● PROBLEM DESCRIPTION:
Begin at the line that has "Function-Call Subsystem/1(F_uncalib) ->", stop after the line that has "function : TriggerPort", and print exactly those lines from the records below, without any pictures.
====== DATA EXTRACTS ======
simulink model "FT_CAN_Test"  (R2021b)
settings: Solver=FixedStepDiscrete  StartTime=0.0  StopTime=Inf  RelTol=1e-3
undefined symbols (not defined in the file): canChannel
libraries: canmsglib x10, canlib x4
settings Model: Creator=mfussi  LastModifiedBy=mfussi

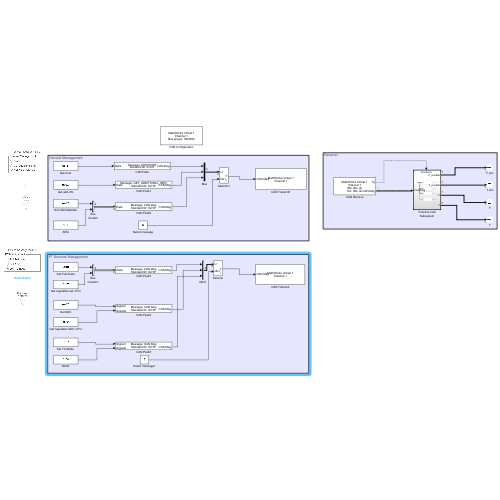
[thumbnail: Simulink's stored preview of the top-level diagram]
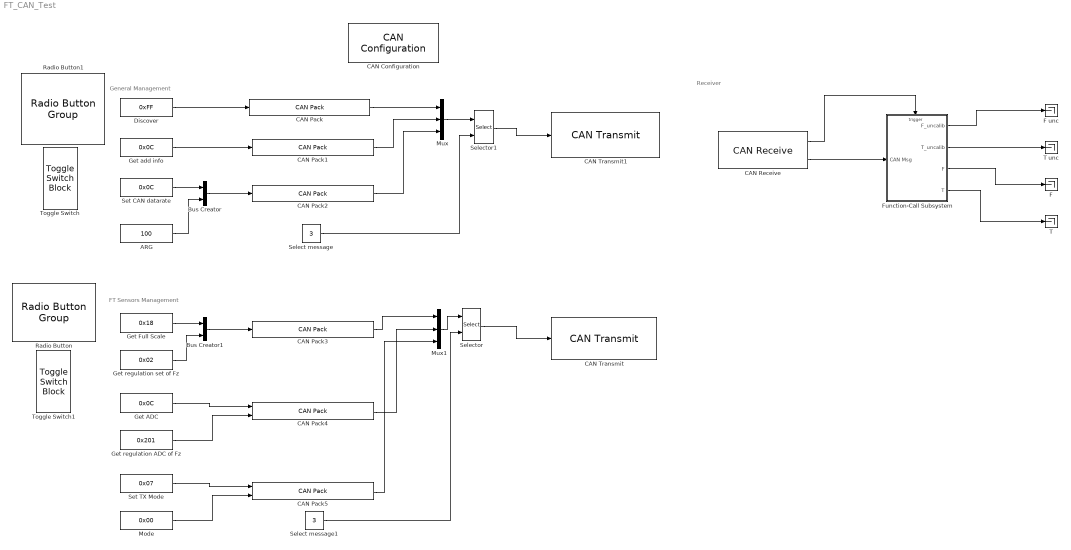
== system FT_CAN_Test ==
  note: Receiver
  note: FT Sensors Management
  note: General Management
  ARG : Constant  Value=100  OutDataTypeStr=uint8
  Bus Creator : BusCreator  Inputs=2
  Bus Creator1 : BusCreator  Inputs=2
  CAN Configuration : canlib/CAN Configuration  BlockHandle=6.0001  Device=MathWorks Virtual 1 (Channel 1)  DeviceMenu=MathWorks Virtual 1 (Channel 1)  ObjConstructor=canChannel('MathWorks', 'Virtual 1', 1)  BusSpeed=1000000  EnableBitParameters=off  AckMode=Normal
      settings: SourceProductBaseCode=VN
  CAN Pack : canmsglib/CAN Pack  MsgList=(none)  MsgName=DISCOVER  MsgIDType=Standard (11-bit identifier)  MsgIdentifier=0x70F  MsgLength=1  Remote=off  ApplyMinMax=off  BusOutput=off  SignalInfo={}
      settings: SourceProductBaseCode=ME,XP,VN  DataFormat=raw data
  CAN Pack1 : canmsglib/CAN Pack  MsgList=(none)  MsgName=GET_ADDITIONAL_INFO  MsgIDType=Standard (11-bit identifier)  MsgIdentifier=0x70F  MsgLength=1  Remote=off  ApplyMinMax=off  BusOutput=off  SignalInfo={}
      settings: SourceProductBaseCode=ME,XP,VN  DataFormat=raw data
  CAN Pack2 : canmsglib/CAN Pack  MsgList=(none)  MsgName=CAN Msg  MsgIDType=Standard (11-bit identifier)  MsgIdentifier=0x70F  MsgLength=1  Remote=off  ApplyMinMax=off  BusOutput=off  SignalInfo={}
      settings: SourceProductBaseCode=ME,XP,VN  DataFormat=raw data
  CAN Pack3 : canmsglib/CAN Pack  MsgList=(none)  MsgName=CAN Msg  MsgIDType=Standard (11-bit identifier)  MsgIdentifier=0x70F  MsgLength=2  Remote=off  ApplyMinMax=off  BusOutput=off  SignalInfo={}
      settings: SourceProductBaseCode=ME,XP,VN  DataFormat=raw data
  CAN Pack4 : canmsglib/CAN Pack  MsgList=(none)  MsgName=CAN Msg  MsgIDType=Standard (11-bit identifier)  MsgIdentifier=0x70F  MsgLength=3  Remote=off  ApplyMinMax=off  BusOutput=off  SignalInfo={ 'Signal1', '0', '8', 'LE', 'unsigned', 'Standard', '0', '1', '0', '-Inf', 'Inf'; 'Signal2', '8', '16', 'LE', 'unsigned', 'Standard', '0', '1', '0', '-Inf', 'Inf' }
      settings: SourceProductBaseCode=ME,XP,VN  DataFormat=manually specified signals
  CAN Pack5 : canmsglib/CAN Pack  MsgList=(none)  MsgName=CAN Msg  MsgIDType=Standard (11-bit identifier)  MsgIdentifier=0x70F  MsgLength=2  Remote=off  ApplyMinMax=off  BusOutput=off  SignalInfo={ 'Signal1', '0', '8', 'LE', 'unsigned', 'Standard', '0', '1', '0', '-Inf', 'Inf'; 'Signal2', '8', '8', 'LE', 'unsigned', 'Standard', '0', '1', '0', '-Inf', 'Inf' }
      settings: SourceProductBaseCode=ME,XP,VN  DataFormat=manually specified signals
  CAN Receive : canlib/CAN Receive  BlockHandle=12.0001  Device=MathWorks Virtual 1 (Channel 1)  DeviceMenu=MathWorks Virtual 1 (Channel 1)  ObjConstructor=canChannel('MathWorks', 'Virtual 1', 1)  EnableStandardIDsFilter=off  StdIDsCombo=Allow all  StandardIDs=0  EnableExtendedIDsFilter=off  ExtIDsCombo=Allow all  ExtendedIDs=0  SampleTime=0.01  MsgsPerTimestep=all  InternalFilterUpdateStatus=on  BusOutput=on
      settings: SourceProductBaseCode=VN
  CAN Transmit : canlib/CAN Transmit  BlockHandle=13.0001  Device=MathWorks Virtual 1 (Channel 1)  DeviceMenu=MathWorks Virtual 1 (Channel 1)  ObjConstructor=canChannel('MathWorks', 'Virtual 1', 1)  EnableEventTransmit=off  EnablePeriodicTransmit=off  MessagePeriod=1.000
      settings: SourceProductBaseCode=VN
  CAN Transmit1 : canlib/CAN Transmit  BlockHandle=13.0001  Device=MathWorks Virtual 1 (Channel 1)  DeviceMenu=MathWorks Virtual 1 (Channel 1)  ObjConstructor=canChannel('MathWorks', 'Virtual 1', 1)  EnableEventTransmit=off  EnablePeriodicTransmit=off  MessagePeriod=1.000
      settings: SourceProductBaseCode=VN
  Discover : Constant  Value=0xFF
  F : Terminator
  F unc : Terminator
  Function-Call Subsystem : Subsystem  TreatAsAtomicUnit=on
  Get ADC : Constant  Value=0x0C  OutDataTypeStr=uint8
  Get Full Scale : Constant  Value=0x18  OutDataTypeStr=uint8
  Get add info : Constant  Value=0x0C
  Get regulation ADC of Fz : Constant  Value=0x201  OutDataTypeStr=uint16
  Get regulation set of Fz : Constant  Value=0x02  OutDataTypeStr=uint8
  Mode : Constant  Value=0x00  OutDataTypeStr=uint8
  Mux : Mux  Inputs=3
  Mux1 : Mux  Inputs=3
  Radio Button : RadioButtonGroup  SelectedLabel=Set TX mode  ButtonGroupName=FT Management
      settings: Values={{'Get Full scale', 'Get ADC', 'Set TX mode'}, [1 2 3]}
  Radio Button1 : RadioButtonGroup  SelectedLabel=Set CAN datarate  ButtonGroupName=General Management
      settings: Values={{'Discover', 'Get additional info', 'Set CAN datarate'}, [1 2 3]}
  Select message : Constant  Value=3
  Select message1 : Constant  Value=3
  Selector : Selector  InputPortWidth=3  IndexOptions=Index vector (port)  Indices=[1 3]  OutputSizes=1
  Selector1 : Selector  InputPortWidth=3  IndexOptions=Index vector (port)  Indices=[1 3]  OutputSizes=1
  Set CAN datarate : Constant  Value=0x0C
  "Set TX Mode " : Constant  Value=0x07
  T : Terminator
  T unc : Terminator
  Toggle Switch : ToggleSwitchBlock
      settings: Values={{'Off', 'On'}, [0 1]}
  Toggle Switch1 : ToggleSwitchBlock
      settings: Values={{'Off', 'On'}, [0 1]}
  wires:
  Discover/1 -> CAN Pack/1
  CAN Receive/1 -> Function-Call Subsystem/Trigger
  CAN Receive/2 -> Function-Call Subsystem/1(CAN Msg)
  Set CAN datarate/1 -> Bus Creator/1
  ARG/1 -> Bus Creator/2
  Get Full Scale/1 -> Bus Creator1/1
  Get regulation set of Fz/1 -> Bus Creator1/2
  Get add info/1 -> CAN Pack1/1
  CAN Pack1/1 -> Mux/2
  Bus Creator1/1 -> CAN Pack3/1
  CAN Pack2/1 -> Mux/3
  Bus Creator/1 -> CAN Pack2/1
  CAN Pack/1 -> Mux/1
  Get ADC/1 -> CAN Pack4/1
  Get regulation ADC of Fz/1 -> CAN Pack4/2
  "Set TX Mode "/1 -> CAN Pack5/1
  Mode/1 -> CAN Pack5/2
  CAN Pack3/1 -> Mux1/1
  CAN Pack4/1 -> Mux1/2
  CAN Pack5/1 -> Mux1/3
  Mux1/1 -> Selector/1
  Select message1/1 -> Selector/2
  Function-Call Subsystem/1(F_uncalib) -> F unc/1
  Function-Call Subsystem/2(T_uncalib) -> T unc/1
  Function-Call Subsystem/3(F) -> F/1
  Function-Call Subsystem/4(T) -> T/1
  Selector1/1 -> CAN Transmit1/1
  Selector/1 -> CAN Transmit/1
  Select message/1 -> Selector1/2
  Mux/1 -> Selector1/1

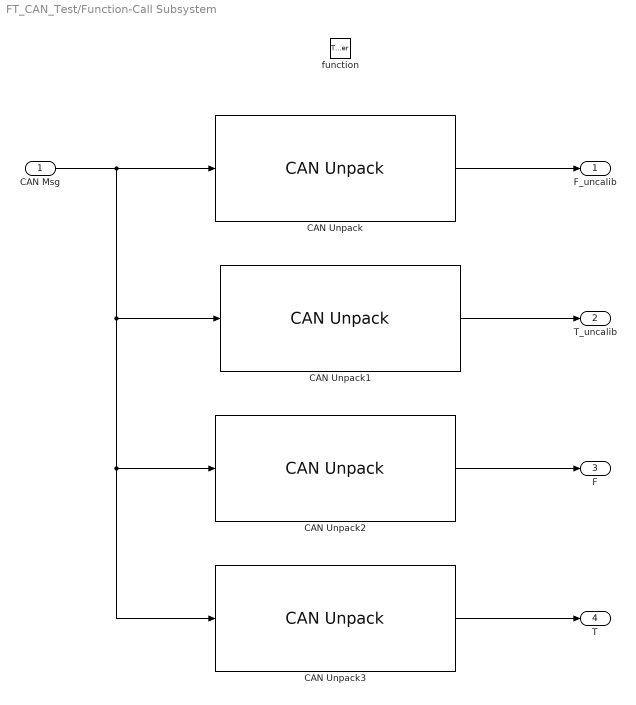
== system FT_CAN_Test/Function-Call Subsystem ==
  CAN Msg : Inport
  function : TriggerPort  TriggerType=function-call  VariantControl=(inherit)
  CAN Unpack : canmsglib/CAN Unpack  MsgList=(none)  MsgName=UNCALIB_F_VECT_DBM  MsgIDType=Standard (11-bit identifier)  MsgIdentifier=1824  MsgLength=7  SignalInfo={}  IDPort=off  TimestampPort=off  ErrorPort=off  RemotePort=off  LengthPort=off  StatusPort=off  ApplyMinMax=off
      settings: SourceProductBaseCode=ME,XP,VN  DataFormat=raw data
  CAN Unpack1 : canmsglib/CAN Unpack  MsgList=(none)  MsgName=UNCALIB_T_VECT_DBM  MsgIDType=Standard (11-bit identifier)  MsgIdentifier=1824  MsgLength=7  SignalInfo={}  IDPort=off  TimestampPort=off  ErrorPort=off  RemotePort=off  LengthPort=off  StatusPort=off  ApplyMinMax=off
      settings: SourceProductBaseCode=ME,XP,VN  DataFormat=raw data
  CAN Unpack2 : canmsglib/CAN Unpack  MsgList=(none)  MsgName=FORCE_VECT  MsgIDType=Standard (11-bit identifier)  MsgIdentifier=1824  MsgLength=7  SignalInfo={}  IDPort=off  TimestampPort=off  ErrorPort=off  RemotePort=off  LengthPort=off  StatusPort=off  ApplyMinMax=off
      settings: SourceProductBaseCode=ME,XP,VN  DataFormat=raw data
  CAN Unpack3 : canmsglib/CAN Unpack  MsgList=(none)  MsgName=FORCE_VECT  MsgIDType=Standard (11-bit identifier)  MsgIdentifier=1824  MsgLength=7  SignalInfo={}  IDPort=off  TimestampPort=off  ErrorPort=off  RemotePort=off  LengthPort=off  StatusPort=off  ApplyMinMax=off
      settings: SourceProductBaseCode=ME,XP,VN  DataFormat=raw data
  F_uncalib : Outport
  T_uncalib : Outport  Port=2
  F : Outport  Port=3
  T : Outport  Port=4
  wires:
  CAN Msg/1 -> CAN Unpack3/1, CAN Unpack2/1, CAN Unpack1/1, CAN Unpack/1
  CAN Unpack/1 -> F_uncalib/1
  CAN Unpack1/1 -> T_uncalib/1
  CAN Unpack2/1 -> F/1
  CAN Unpack3/1 -> T/1
======
● REPLY:
  Function-Call Subsystem/1(F_uncalib) -> F unc/1
  Function-Call Subsystem/2(T_uncalib) -> T unc/1
  Function-Call Subsystem/3(F) -> F/1
  Function-Call Subsystem/4(T) -> T/1
  Selector1/1 -> CAN Transmit1/1
  Selector/1 -> CAN Transmit/1
  Select message/1 -> Selector1/2
  Mux/1 -> Selector1/1

== system FT_CAN_Test/Function-Call Subsystem ==
  CAN Msg : Inport
  function : TriggerPort  TriggerType=function-call  VariantControl=(inherit)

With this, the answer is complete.